Başaramadılar.. Dursun hastaneye 300 metre kala pes etmiş, hocası Bülent'le masör Mehmet'in kollarında son nefesini vermiş. Biz hepimiz bu gencin ölümü karşısında çaresiz orada kalakalmıştık. Ben bir cenaze töreninde daha önce hiç bu kadar perişan insan görmemiştim. Kimse böylesine sevilen bir insanın yok olup gittiğine inanamıyordu.
Ben de düşüncelerim arasında kaybolmuştum. Aklıma antrenörlük yaşamımın çeşitli dönemleri, çocuklarım Patrick ve Manuela geliyordu. Manen tükenmiştim. Bir yıl daha sabretmem gerekti. İkinci kez şampiyon olmak istiyorduk.
Hemen hemen otuz yıldan beri genç insanlarla birlikte iyi zamanlar da kötü zamanlar da geçirmiştim. Birlikte zaferleri tattığımız kadar yenilgileri, haksızlıkları da yaşamıştık. Bu dünyadaki bütün şampiyonlukları, bütün galibiyetleri, en parlak zaferleri seve seve verirdim. Yeter ki bu delikanlıyı, Dursun'u geri alabileyim...
Bu kitabı Dursun'a adamak istiyorum.

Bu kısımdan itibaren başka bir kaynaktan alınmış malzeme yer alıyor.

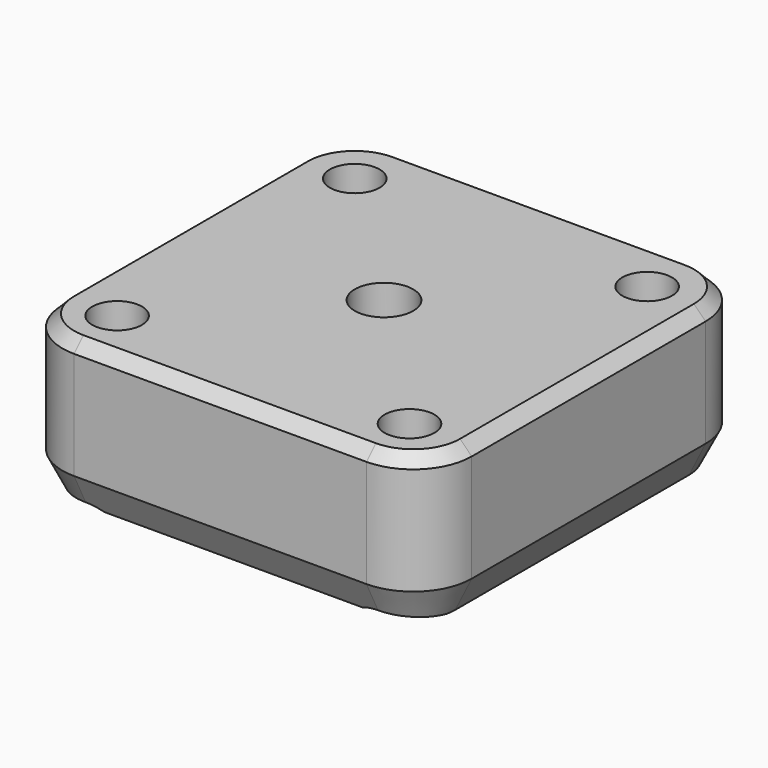
from build123d import *

# Parameters (mm, degrees)
F0_W         = 35
F0_H         = 35
F1_DEPTH     = 6.5
F2_R         = 2.125
F3_DEPTH     = 13.001
F4_R         = 5
F5_T1_DEPTH  = 25
F5_T3_DEPTH  = 25
F5_T12_ANGLE = 90
F5_T14_ANGLE = 90
F5_T16_ANGLE = 90
F5_T18_ANGLE = 90
F6_R         = 2.5
F7_DEPTH     = 13.001
F8_SIZE      = 1


# Not quite as in the source:
# - a fillet or chamfer that OpenCascade refuses, or shapes differently, is made with other operations: its cross-section is extruded or revolved along the edge and cut away or added


with BuildPart() as f1:
    # F0 (on Top) → F1 (new body, symmetric)
    with BuildSketch(Plane.XY):
        Rectangle(F0_W, F0_H)
    extrude(amount=F1_DEPTH, both=True)

    # F2 (on face) → F3 (cut, through all)
    with BuildSketch(Plane.XY.offset(6.5)):
        with Locations((-12.5, -12.9)):
            Circle(F2_R)
        with Locations((-12.5, 12.5)):
            Circle(F2_R)
        with Locations((12.5, 12.5)):
            Circle(F2_R)
        with Locations((12.5, -12.9)):
            Circle(F2_R)
    extrude(amount=-F3_DEPTH, mode=Mode.SUBTRACT)

    # F4
    f4_edges = [f1.edges().sort_by_distance(p)[0] for p in [
        (-17.5, 17.5, 0),
        (17.5, 17.5, 0),
        (17.5, -17.5, 0),
        (-17.5, -17.5, 0),
    ]]
    fillet(f4_edges, radius=F4_R)

    # F5: chamfer of 1.4 x 2.8 on 12 edges, made by hand

    # F5_s2 → F5_t1 (cut)
    with BuildSketch(Plane.XZ.offset(-12.5)):
        Polygon((17.5, -3.7), (16.1, -6.5), (17.5, -6.5), align=None)
        Polygon((-16.1, -6.5), (-17.5, -3.7), (-17.5, -6.5), align=None)
    extrude(amount=F5_T1_DEPTH, mode=Mode.SUBTRACT)

    # F5_s4 → F5_t3 (cut)
    with BuildSketch(Plane.YZ.offset(-12.5)):
        Polygon((-16.1, -6.5), (-17.5, -3.7), (-17.5, -6.5), align=None)
        Polygon((16.1, -6.5), (17.5, -3.7), (17.5, -6.5), align=None)
    extrude(amount=F5_T3_DEPTH, mode=Mode.SUBTRACT)

    # F5_s5 → F5_t6 (revolve, cut)
    with BuildSketch(Plane.XZ.offset(12.9)):
        Polygon((-8.975, -6.5), (-10.375, -3.7), (-10.375, -6.5), align=None)
    revolve(axis=Axis((-12.5, -12.9, -6.5), (0, 0, 1)), mode=Mode.SUBTRACT)

    # F5_s7 → F5_t8 (revolve, cut)
    with BuildSketch(Plane.XZ.offset(12.9)):
        Polygon((16.025, -6.5), (14.625, -3.7), (14.625, -6.5), align=None)
    revolve(axis=Axis((12.5, -12.9, -6.5), (0, 0, 1)), mode=Mode.SUBTRACT)

    # F5_s9 → F5_t10 (revolve, cut)
    with BuildSketch(Plane.XZ.offset(-12.5)):
        Polygon((16.025, -6.5), (14.625, -3.7), (14.625, -6.5), align=None)
    revolve(axis=Axis((12.5, 12.5, -6.5), (0, 0, 1)), mode=Mode.SUBTRACT)

    # F5_s11 → F5_t12 (revolve, cut)
    with BuildSketch(Plane.XZ.offset(12.5)):
        Polygon((16.1, -6.5), (17.5, -3.7), (17.5, -6.5), align=None)
    revolve(axis=Axis((12.5, -12.5, -6.5), (0, 0, -1)), revolution_arc=F5_T12_ANGLE, mode=Mode.SUBTRACT)

    # F5_s13 → F5_t14 (revolve, cut)
    with BuildSketch(Plane.XZ.offset(-12.5)):
        Polygon((16.1, -6.5), (17.5, -3.7), (17.5, -6.5), align=None)
    revolve(axis=Axis((12.5, 12.5, -6.5), (0, 0, 1)), revolution_arc=F5_T14_ANGLE, mode=Mode.SUBTRACT)

    # F5_s15 → F5_t16 (revolve, cut)
    with BuildSketch(Plane.YZ.offset(-12.5)):
        Polygon((-16.1, -6.5), (-17.5, -3.7), (-17.5, -6.5), align=None)
    revolve(axis=Axis((-12.5, -12.5, -6.5), (0, 0, -1)), revolution_arc=F5_T16_ANGLE, mode=Mode.SUBTRACT)

    # F5_s17 → F5_t18 (revolve, cut)
    with BuildSketch(Plane.YZ.offset(-12.5)):
        Polygon((16.1, -6.5), (17.5, -3.7), (17.5, -6.5), align=None)
    revolve(axis=Axis((-12.5, 12.5, -6.5), (0, 0, 1)), revolution_arc=F5_T18_ANGLE, mode=Mode.SUBTRACT)

    # F5_s19 → F5_t20 (revolve, cut)
    with BuildSketch(Plane.XZ.offset(-12.5)):
        Polygon((-8.975, -6.5), (-10.375, -3.7), (-10.375, -6.5), align=None)
    revolve(axis=Axis((-12.5, 12.5, -6.5), (0, 0, 1)), mode=Mode.SUBTRACT)

    # F6 (on face) → F7 (cut, through all)
    with BuildSketch(Plane(origin=(0, 0, -6.5), x_dir=(1, 0, 0), z_dir=(0, 0, -1))):
        Circle(F6_R)
    extrude(amount=-F7_DEPTH, mode=Mode.SUBTRACT)

    # F8
    f8_edges = [f1.edges().sort_by_distance(p)[0] for p in [
        (-17.5, 0, 6.5),
    ]]
    chamfer(f8_edges, length=F8_SIZE)


solid = f1.part

O bana hayatımda ne kadar güzel yıllar geçirdiğimi hatırlattı. Ne kadar şanslı olduğumu, futbolun hayatım boyunca neler kazandırdığını.. Yazık ki bunların bir çoğuna o erişemedi..
''Ve futbol topu, onun bir gün gerçekleşeceğini umduğu hayallerine çarpıp yıktı. Uzaklara doğru yuvarlanıp gitti....''
Hem o yaşta gencecik vefat eden Dursun Özbek'in hem de Galatasarayımızı Avrupalı yapan Derwal'e Allah Rahmet Eylesin
Daha Önceden Biliyordum Ben Bunu.
hangisi hangisinin yeğeni ? vefat eden mi başkanın yeğeni yoksa başkan mı vefat edenin yeğeni ?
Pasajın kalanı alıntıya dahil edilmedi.